--- EXERCISE ---
Using the listing below, say how many of its lines hold "mode". Offer nothing beyond the number.

BEGIN INPUT DATA

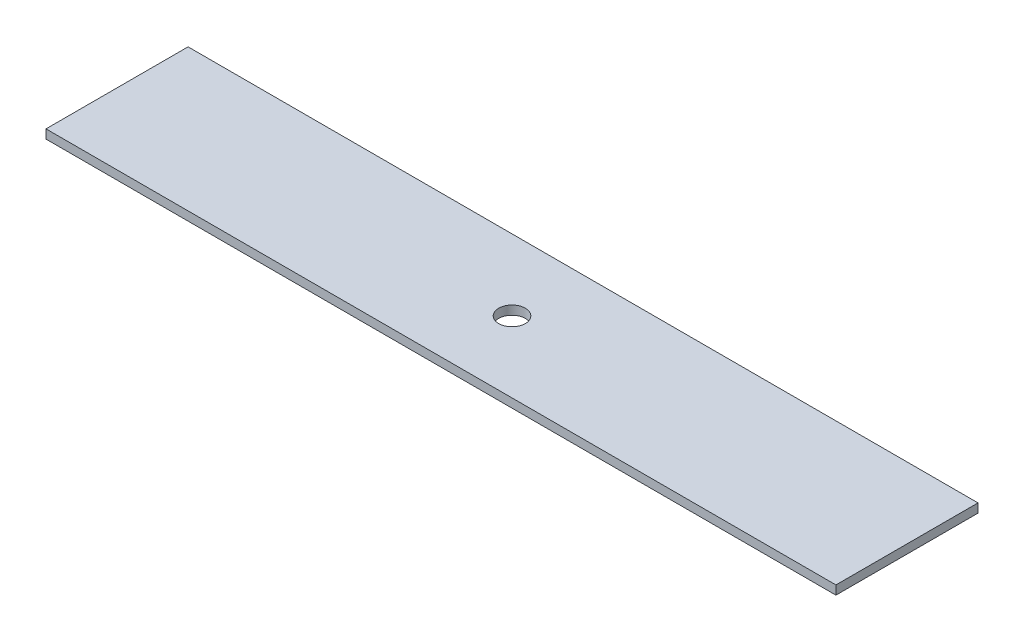
from build123d import *

# Parameters (mm, degrees)
SKETCH1_W           = 282.448
SKETCH1_H           = 50.8
BOSS_EXTRUDE1_DEPTH = 3.175
CUT_EXTRUDE1_REACH  = 145.525
SKETCH2_R           = 4.7625


with BuildPart() as part:
    # Sketch1 → Boss-Extrude1 (new body)
    with BuildSketch(Plane(origin=(0, 0, 0), x_dir=(1, 0, 0), z_dir=(0, 1, 0))):
        Rectangle(SKETCH1_W, SKETCH1_H)
    extrude(amount=BOSS_EXTRUDE1_DEPTH)

    # Sketch2 → Cut-Extrude1 (cut, up to next)
    with BuildSketch(Plane(origin=(0, 3.175, 0), x_dir=(1, 0, 0), z_dir=(0, 1, 0)), mode=Mode.PRIVATE) as cut_extrude1_sk1:
        with Locations(Location((0, 0, 0), (0, 0, 270))):
            Circle(SKETCH2_R)
    cut_extrude1_tool1 = extrude(cut_extrude1_sk1.sketch, amount=-CUT_EXTRUDE1_REACH, mode=Mode.PRIVATE) & part.part
    add(cut_extrude1_tool1.solids().sort_by_distance((0, 3.175, 0))[0], mode=Mode.SUBTRACT)


solid = part.part

END INPUT DATA

--- WRITTEN SOLUTION ---
3